Water flows through a channel at the Yellowstone Lake Dam on July 13, 2021, at Yellowstone Lake State Park in Lafayette County. (Credit: PBS Wisconsin)


AP News

Wisconsin is seeing more frequent dam failures in another sign that the storms blowing through the state are growing stronger.

Wisconsin recorded 34 dam failures from 2000 through 2023, the second-highest total for that period behind only South Carolina, the Wisconsin Policy Form said in a report released on Oct. 10. More than 80% of the failures — 28, to be exact — happened since the start of 2018, and 18 of those happened since the start of 2020. None of the failures resulted in human deaths, the report found.

The state is home to more than 4,000 dams. Some are massive hydroelectric constructs while others are small earthen dams that create farm ponds. They’re owned by a mix of companies, individuals, government and tribal entities, and utilities.

The U.S. Army Corps of Engineers’ National Inventory of Dams lists 1,004 Wisconsin dams ranging in height from 6 feet to the 92-foot-tall Flambeau dam on the Dairyland Reservoir in Rusk County.

The inventory classifies more than 200 dams as having high hazard potential, meaning failure would probably cause human deaths.

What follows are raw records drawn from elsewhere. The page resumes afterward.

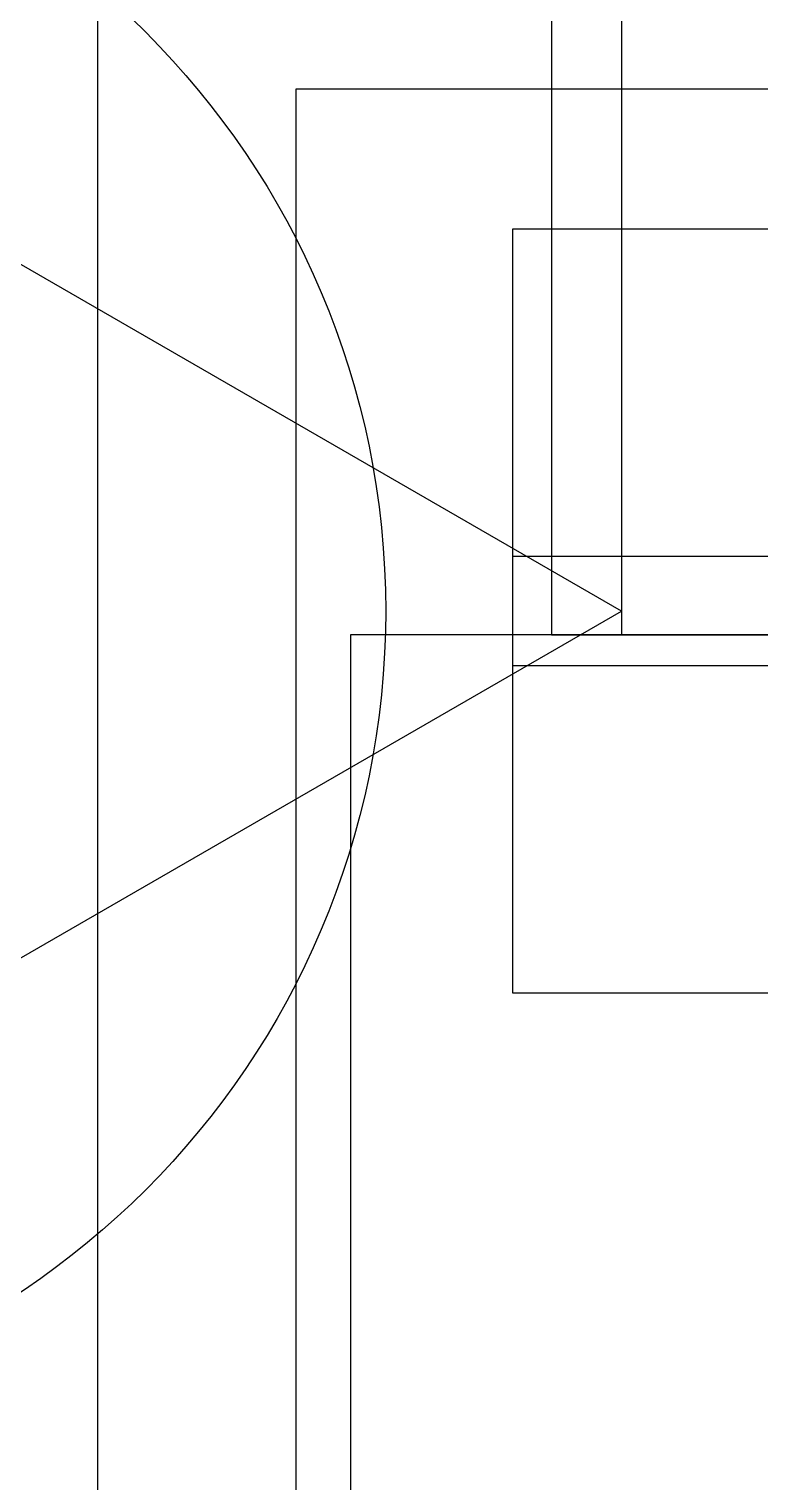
# Model space of a CAD drawing. Extents: x -31 to 31, y -86 to 20.
# Drawn here: x -9.43 to -2.73, y -24.76 to -11.45 of the extents above; entities that cross this region are included whole.
import ezdxf

# ---------------------------------------------------------------- set-up
doc = ezdxf.new("R2010")
doc.units = 0

msp = doc.modelspace()

# ---------------------------------------------------------------- linework, layer by layer
at = {"layer": 'cure'}
for points in [[(-4, -17), (4, -17), (4, 0), (-4, 0)], [(-4, -16.7833), (-12.6603, -11.7833), (-17.6603, -11.7833), (-17.6603, -21.7833), (-12.6603, -21.7833)], [(-5, -20.2833), (5, -20.2833), (5, -13.2833), (-5, -13.2833)], [(-5, -20.2833), (5, -20.2833), (5, -13.2833), (-5, -13.2833)], [(-5, -17.2833), (5, -17.2833), (5, -16.2833), (-5, -16.2833)], [(-6.4813, -50.3159), (6.4813, -50.3159), (6.4813, -17), (-6.4813, -17)]]:
    msp.add_lwpolyline(points, close=True, dxfattribs=at)
at = {"layer": 'M1_LD'}
msp.add_circle((-13.6603, -16.7833), 7.5, dxfattribs=at)
msp.add_circle((-13.6603, -16.7833), 7.5, dxfattribs=at)
at = {"layer": 'M1_Neg'}
for points in [[(-4, -16.7833), (-12.6603, -11.7833), (-17.6603, -11.7833), (-17.6603, -21.7833), (-12.6603, -21.7833)], [(-5, -17.2833), (5, -17.2833), (5, -16.2833), (-5, -16.2833)]]:
    msp.add_lwpolyline(points, close=True, dxfattribs=at)
at = {"layer": 'M1_Pos'}
msp.add_lwpolyline([(-8.8, -50.3159), (8.8, -50.3159), (8.8, 0), (-8.8, 0)], close=True, dxfattribs=at)
at = {"layer": 'M2_undercutMsk'}
for points in [[(-4.641, -17), (4.641, -17), (4.641, 0), (-4.641, 0)], [(-6.9813, -55.3159), (6.9813, -55.3159), (6.9813, -12), (-6.9813, -12)]]:
    msp.add_lwpolyline(points, close=True, dxfattribs=at)

doc.saveas('drawing.dxf')

Of the 34 dam failures in Wisconsin over the last 23 years, three had high hazard potential, one was a significant hazard potential, meaning a failure could cause economic loss, environmental damage and other problems, and 18 had low hazard potential, meaning failure wouldn’t result in any loss of human life and would have low economic and environmental consequences. The remainder’s hazard potential was undetermined.

Every state budget since 2009 has provided at least $4 million for dam safety work, according to the report. The funding has been enough to improve the state’s most important dams, but “a changing climate — triggering more frequent and more severe extreme rain events — could pose new and greater tests to our dam infrastructure,” it warns.

The Wisconsin Policy Forum compiled the report using data collected by the Association of State Dam Safety Officials.